Problem to solve:
After locating "-323198.6), (-240730.3, -323198.6)])" in the listing below, copy that line and each one after it exactly, ending with the line that has "-325722.2), (-249346.1, -325722.2)])".

Dataset:
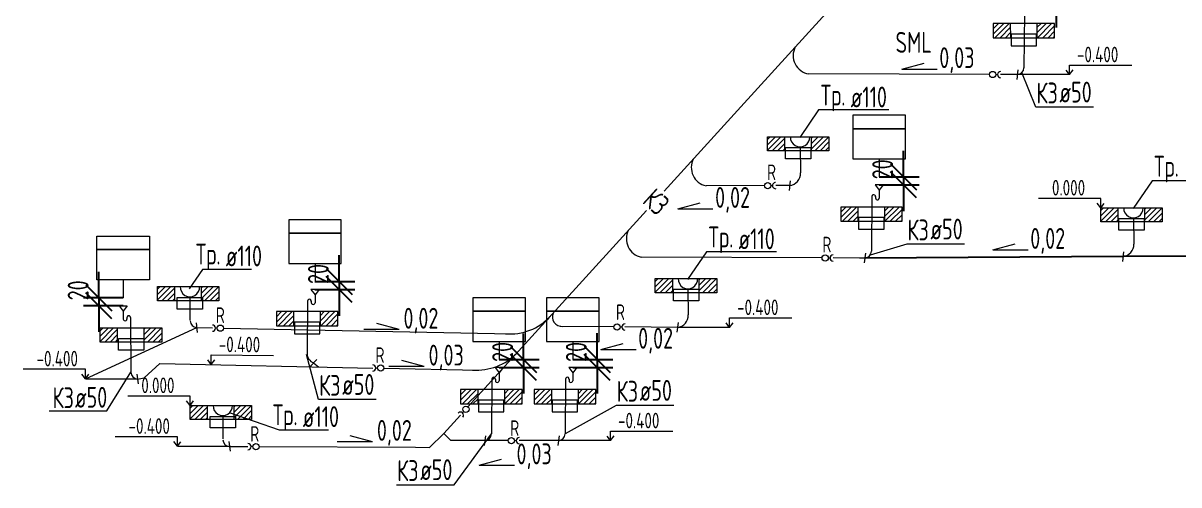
# Model space of a CAD drawing. Header units: millimetres. Extents: x -8689834 to 9419935, y -370377 to 166066.
# Drawn here: x -250635 to -239537, y -327624 to -323194 of the extents above; entities that cross this region are included whole.
import ezdxf

# ---------------------------------------------------------------- set-up
doc = ezdxf.new("R2010")
doc.units = ezdxf.units.MM
doc.header["$MEASUREMENT"] = 0
doc.layers.get('0').update_dxf_attribs({"color": 250, "lineweight": 9})
for name, color, linetype, lineweight in [('_ВК-Text К1', 7, 'Continuous', 30), ('_ВК-К3', 30, 'Continuous', 40), ('_ВК-переход на SML', 3, 'Continuous', 30), ('_Санпр', 7, 'Continuous', 30), ('_Сантехника', 7, 'Continuous', 30), ('ВК_канализация', 32, 'Continuous', 30), ('тх разм', 250, 'Continuous', 9)]:
    doc.layers.add(name, color=color, linetype=linetype, lineweight=lineweight)
doc.layers.add('АР_Кровля дорожки', color=245, linetype='Continuous')
doc.styles.add('ISOCPEUR', font='isocpeur.ttf', dxfattribs={"width": 0.7})
doc.styles.add('ГОСТ 2.304', font='isocpeur.ttf', dxfattribs={"width": 0.7})
doc.dimstyles.new('СПДС', dxfattribs={"dimscale": 100, "dimtxt": 2.5, "dimasz": 2.5, "dimexe": 1.5, "dimexo": 0, "dimgap": 1, "dimtad": 1, "dimdec": 0, "dimrnd": 1, "dimtxsty": 'ГОСТ 2.304', "dimblk": 'OBLIQUE', "dimcen": 2.5, "dimdle": 1.5, "dimadec": 0, "dimazin": 2, "dimtfac": 0.75, "dimtdec": 0, "dimtmove": 1, "dimatfit": 3, "dimfxl": 1, "dimtolj": 1, "dimarcsym": 1})

# ---------------------------------------------------------------- blocks, each defined once
blk = doc.blocks.new('_Oblique')
at = {"color": 0, "linetype": 'ByBlock', "lineweight": -2}
blk.add_line((-0.5, -0.5), (0.5, 0.5), dxfattribs=at)
blk = doc.blocks.new('*D2112')
at = {"layer": 'тх разм', "color": 0, "lineweight": -2, "ltscale": 100, "transparency": 16777216}
for p, q in [((-240717, -322908), (-240717, -322658)), ((-240950, -322908), (-240567, -322908)), ((-240717, -322908), (-240717, -322987)), ((-240950, -322987), (-240567, -322987)), ((-240717, -322987), (-240717, -323237))]:
    blk.add_line(p, q, dxfattribs=at)
at = {"layer": 'тх разм', "color": 0, "lineweight": -2, "ltscale": 100, "transparency": 16777216, "xscale": 250, "yscale": 250, "zscale": 250}
for p, rotation in [((-240717, -322908), 270), ((-240717, -322987), 90)]:
    blk.add_blockref('_Oblique', p, dxfattribs=dict(at, rotation=rotation))
at = {"layer": 'тх разм', "color": 0, "lineweight": 13, "ltscale": 100, "transparency": 16777216, "insert": (-240917, -322837), "char_height": 250, "attachment_point": 5, "rotation": 90, "style": 'ГОСТ 2.304'}
blk.add_mtext('\\A1;{\\H0.8x;20}', dxfattribs=at)
blk = doc.blocks.new('*D2113')
at = {"layer": 'тх разм', "color": 0, "lineweight": -2, "ltscale": 100, "transparency": 16777216}
for p, q in [((-242182, -324668), (-242182, -324418)), ((-242415, -324668), (-242032, -324668)), ((-242182, -324668), (-242182, -324747)), ((-242415, -324747), (-242032, -324747)), ((-242182, -324747), (-242182, -324997))]:
    blk.add_line(p, q, dxfattribs=at)
at = {"layer": 'тх разм', "color": 0, "lineweight": -2, "ltscale": 100, "transparency": 16777216, "xscale": 250, "yscale": 250, "zscale": 250}
for p, rotation in [((-242182, -324668), 270), ((-242182, -324747), 90)]:
    blk.add_blockref('_Oblique', p, dxfattribs=dict(at, rotation=rotation))
at = {"layer": 'тх разм', "color": 0, "lineweight": 13, "ltscale": 100, "transparency": 16777216, "insert": (-242382, -324597), "char_height": 250, "attachment_point": 5, "rotation": 90, "style": 'ГОСТ 2.304'}
blk.add_mtext('\\A1;{\\H0.8x;20}', dxfattribs=at)
blk = doc.blocks.new('*D2103')
at = {"layer": 'тх разм', "color": 0, "lineweight": -2, "ltscale": 100, "transparency": 16777216}
for p, q in [((-245124, -326420), (-245124, -326170)), ((-245357, -326420), (-244974, -326420)), ((-245357, -326499), (-244974, -326499)), ((-245124, -326420), (-245124, -326499)), ((-245124, -326499), (-245124, -326749))]:
    blk.add_line(p, q, dxfattribs=at)
at = {"layer": 'тх разм', "color": 0, "lineweight": -2, "ltscale": 100, "transparency": 16777216, "xscale": 250, "yscale": 250, "zscale": 250}
for p, rotation in [((-245124, -326420), 270), ((-245124, -326499), 90)]:
    blk.add_blockref('_Oblique', p, dxfattribs=dict(at, rotation=rotation))
at = {"layer": 'тх разм', "color": 0, "lineweight": 13, "ltscale": 100, "transparency": 16777216, "insert": (-245324, -326349), "char_height": 250, "attachment_point": 5, "rotation": 90, "style": 'ГОСТ 2.304'}
blk.add_mtext('\\A1;{\\H0.8x;20}', dxfattribs=at)
blk = doc.blocks.new('*D2104')
at = {"layer": 'тх разм', "color": 0, "lineweight": -2, "ltscale": 100, "transparency": 16777216}
for p, q in [((-245831, -326421), (-245831, -326171)), ((-246064, -326421), (-245681, -326421)), ((-246064, -326499), (-245681, -326499)), ((-245831, -326421), (-245831, -326499)), ((-245831, -326499), (-245831, -326749))]:
    blk.add_line(p, q, dxfattribs=at)
at = {"layer": 'тх разм', "color": 0, "lineweight": -2, "ltscale": 100, "transparency": 16777216, "xscale": 250, "yscale": 250, "zscale": 250}
for p, rotation in [((-245831, -326421), 270), ((-245831, -326499), 90)]:
    blk.add_blockref('_Oblique', p, dxfattribs=dict(at, rotation=rotation))
at = {"layer": 'тх разм', "color": 0, "lineweight": 13, "ltscale": 100, "transparency": 16777216, "insert": (-246031, -326349), "char_height": 250, "attachment_point": 5, "rotation": 90, "style": 'ГОСТ 2.304'}
blk.add_mtext('\\A1;{\\H0.8x;20}', dxfattribs=at)
blk = doc.blocks.new('*D2099')
at = {"layer": 'тх разм', "color": 0, "lineweight": -2, "ltscale": 100, "transparency": 16777216}
for p, q in [((-249907, -325829), (-249907, -325579)), ((-249674, -325829), (-250057, -325829)), ((-249907, -325829), (-249907, -325907)), ((-249674, -325907), (-250057, -325907)), ((-249907, -325907), (-249907, -326157))]:
    blk.add_line(p, q, dxfattribs=at)
at = {"layer": 'тх разм', "color": 0, "lineweight": -2, "ltscale": 100, "transparency": 16777216, "xscale": 250, "yscale": 250, "zscale": 250}
for p, rotation in [((-249907, -325829), 270), ((-249907, -325907), 90)]:
    blk.add_blockref('_Oblique', p, dxfattribs=dict(at, rotation=rotation))
at = {"layer": 'тх разм', "color": 0, "lineweight": 13, "ltscale": 100, "transparency": 16777216, "insert": (-250107, -325758), "char_height": 250, "attachment_point": 5, "rotation": 90, "style": 'ГОСТ 2.304'}
blk.add_mtext('\\A1;{\\H0.8x;20}', dxfattribs=at)
blk = doc.blocks.new('*D2100')
at = {"layer": 'тх разм', "color": 0, "lineweight": -2, "ltscale": 100, "transparency": 16777216}
for p, q in [((-247600, -325672), (-247600, -325422)), ((-247833, -325672), (-247450, -325672)), ((-247600, -325672), (-247600, -325751)), ((-247833, -325751), (-247450, -325751)), ((-247600, -325751), (-247600, -326001))]:
    blk.add_line(p, q, dxfattribs=at)
at = {"layer": 'тх разм', "color": 0, "lineweight": -2, "ltscale": 100, "transparency": 16777216, "xscale": 250, "yscale": 250, "zscale": 250}
for p, rotation in [((-247600, -325672), 270), ((-247600, -325751), 90)]:
    blk.add_blockref('_Oblique', p, dxfattribs=dict(at, rotation=rotation))
at = {"layer": 'тх разм', "color": 0, "lineweight": 13, "ltscale": 100, "transparency": 16777216, "insert": (-247800, -325601), "char_height": 250, "attachment_point": 5, "rotation": 90, "style": 'ГОСТ 2.304'}
blk.add_mtext('\\A1;{\\H0.8x;20}', dxfattribs=at)
blk = doc.blocks.new('ревизия К3')
at = {"layer": 'ВК_канализация', "color": 30, "lineweight": 13, "ltscale": 500, "true_color": 0xf26722, "elevation": 171}
blk.add_lwpolyline([(-242952, -118249), (-242969, -118249)], dxfattribs=at)
at = {"layer": 'ВК_канализация', "color": 30, "lineweight": 13, "ltscale": 500, "true_color": 0xf26722}
blk.add_circle((-242922, -118249, 171), 30, dxfattribs=at)
blk.add_arc((-242999, -118249, 171), 30, 270, 90, dxfattribs=at)

msp = doc.modelspace()

# ---------------------------------------------------------------- hatches: boundary and pattern name
at = {"layer": '_ВК-К3', "lineweight": 13}
h = msp.add_hatch(dxfattribs=at)
h.set_pattern_fill('ANSI31', scale=11.388071, angle=180)
h.set_pattern_definition([(225, (-295488.922, -343566.594), (25.566948, -25.566948), [])])
h.paths.add_polyline_path([(-240730.3, -323334.2), (-240897, -323334.2), (-240897, -323198.6), (-240730.3, -323198.6)])
h.paths.add_polyline_path([(-241152.8, -323334.2), (-241320.2, -323334.2), (-241320.2, -323198.6), (-241152.8, -323198.6)])
h = msp.add_hatch(dxfattribs=at)
h.set_pattern_fill('ANSI31', scale=11.388071, angle=180)
h.set_pattern_definition([(225, (-297066.396, -344652.684), (25.566948, -25.566948), [])])
h.paths.add_polyline_path([(-243487.6, -324420.3), (-243320.9, -324420.3), (-243320.9, -324284.7), (-243487.6, -324284.7)])
h.paths.add_polyline_path([(-243065, -324420.3), (-242897.7, -324420.3), (-242897.7, -324284.7), (-243065, -324284.7)])
h = msp.add_hatch(dxfattribs=at)
h.set_pattern_fill('ANSI31', scale=11.388071, angle=180)
h.set_pattern_definition([(225, (-296953.617, -345326.57), (25.566948, -25.566948), [])])
h.paths.add_polyline_path([(-242194.9, -325094.2), (-242361.7, -325094.2), (-242361.7, -324958.6), (-242194.9, -324958.6)])
h.paths.add_polyline_path([(-242617.5, -325094.2), (-242784.9, -325094.2), (-242784.9, -324958.6), (-242617.5, -324958.6)])
h = msp.add_hatch(dxfattribs=at)
h.set_pattern_fill('ANSI31', scale=11.388071, angle=180)
h.set_pattern_definition([(225, (-293865.38, -345334.567), (25.566948, -25.566948), [])])
h.paths.add_polyline_path([(-240286.6, -325102.2), (-240119.8, -325102.2), (-240119.8, -324966.6), (-240286.6, -324966.6)])
h.paths.add_polyline_path([(-239864, -325102.2), (-239696.6, -325102.2), (-239696.6, -324966.6), (-239864, -324966.6)])
h = msp.add_hatch(dxfattribs=at)
h.set_pattern_fill('ANSI31', scale=11.388071, angle=180)
h.set_pattern_definition([(225, (-302924.91, -346090.1), (25.566948, -25.566948), [])])
h.paths.add_polyline_path([(-249346.1, -325857.7), (-249179.4, -325857.7), (-249179.4, -325722.2), (-249346.1, -325722.2)])
h.paths.add_polyline_path([(-248923.5, -325857.7), (-248756.2, -325857.7), (-248756.2, -325722.2), (-248923.5, -325722.2)])
h = msp.add_hatch(dxfattribs=at)
h.set_pattern_fill('ANSI31', scale=11.388071, angle=180)
h.set_pattern_definition([(225, (-298143.477, -346013.613), (25.566948, -25.566948), [])])
h.paths.add_polyline_path([(-244564.7, -325781.2), (-244397.9, -325781.2), (-244397.9, -325645.7), (-244564.7, -325645.7)])
h.paths.add_polyline_path([(-244142.1, -325781.2), (-243974.7, -325781.2), (-243974.7, -325645.7), (-244142.1, -325645.7)])
h = msp.add_hatch(dxfattribs=at)
h.set_pattern_fill('ANSI31', scale=11.388071, angle=180)
h.set_pattern_definition([(225, (-302371.396, -346330.265), (25.566948, -25.566948), [])])
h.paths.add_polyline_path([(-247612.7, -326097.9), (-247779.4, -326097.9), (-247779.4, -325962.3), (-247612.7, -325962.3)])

Exercise output:
h.paths.add_polyline_path([(-240730.3, -323334.2), (-240897, -323334.2), (-240897, -323198.6), (-240730.3, -323198.6)])
h.paths.add_polyline_path([(-241152.8, -323334.2), (-241320.2, -323334.2), (-241320.2, -323198.6), (-241152.8, -323198.6)])
h = msp.add_hatch(dxfattribs=at)
h.set_pattern_fill('ANSI31', scale=11.388071, angle=180)
h.set_pattern_definition([(225, (-297066.396, -344652.684), (25.566948, -25.566948), [])])
h.paths.add_polyline_path([(-243487.6, -324420.3), (-243320.9, -324420.3), (-243320.9, -324284.7), (-243487.6, -324284.7)])
h.paths.add_polyline_path([(-243065, -324420.3), (-242897.7, -324420.3), (-242897.7, -324284.7), (-243065, -324284.7)])
h = msp.add_hatch(dxfattribs=at)
h.set_pattern_fill('ANSI31', scale=11.388071, angle=180)
h.set_pattern_definition([(225, (-296953.617, -345326.57), (25.566948, -25.566948), [])])
h.paths.add_polyline_path([(-242194.9, -325094.2), (-242361.7, -325094.2), (-242361.7, -324958.6), (-242194.9, -324958.6)])
h.paths.add_polyline_path([(-242617.5, -325094.2), (-242784.9, -325094.2), (-242784.9, -324958.6), (-242617.5, -324958.6)])
h = msp.add_hatch(dxfattribs=at)
h.set_pattern_fill('ANSI31', scale=11.388071, angle=180)
h.set_pattern_definition([(225, (-293865.38, -345334.567), (25.566948, -25.566948), [])])
h.paths.add_polyline_path([(-240286.6, -325102.2), (-240119.8, -325102.2), (-240119.8, -324966.6), (-240286.6, -324966.6)])
h.paths.add_polyline_path([(-239864, -325102.2), (-239696.6, -325102.2), (-239696.6, -324966.6), (-239864, -324966.6)])
h = msp.add_hatch(dxfattribs=at)
h.set_pattern_fill('ANSI31', scale=11.388071, angle=180)
h.set_pattern_definition([(225, (-302924.91, -346090.1), (25.566948, -25.566948), [])])
h.paths.add_polyline_path([(-249346.1, -325857.7), (-249179.4, -325857.7), (-249179.4, -325722.2), (-249346.1, -325722.2)])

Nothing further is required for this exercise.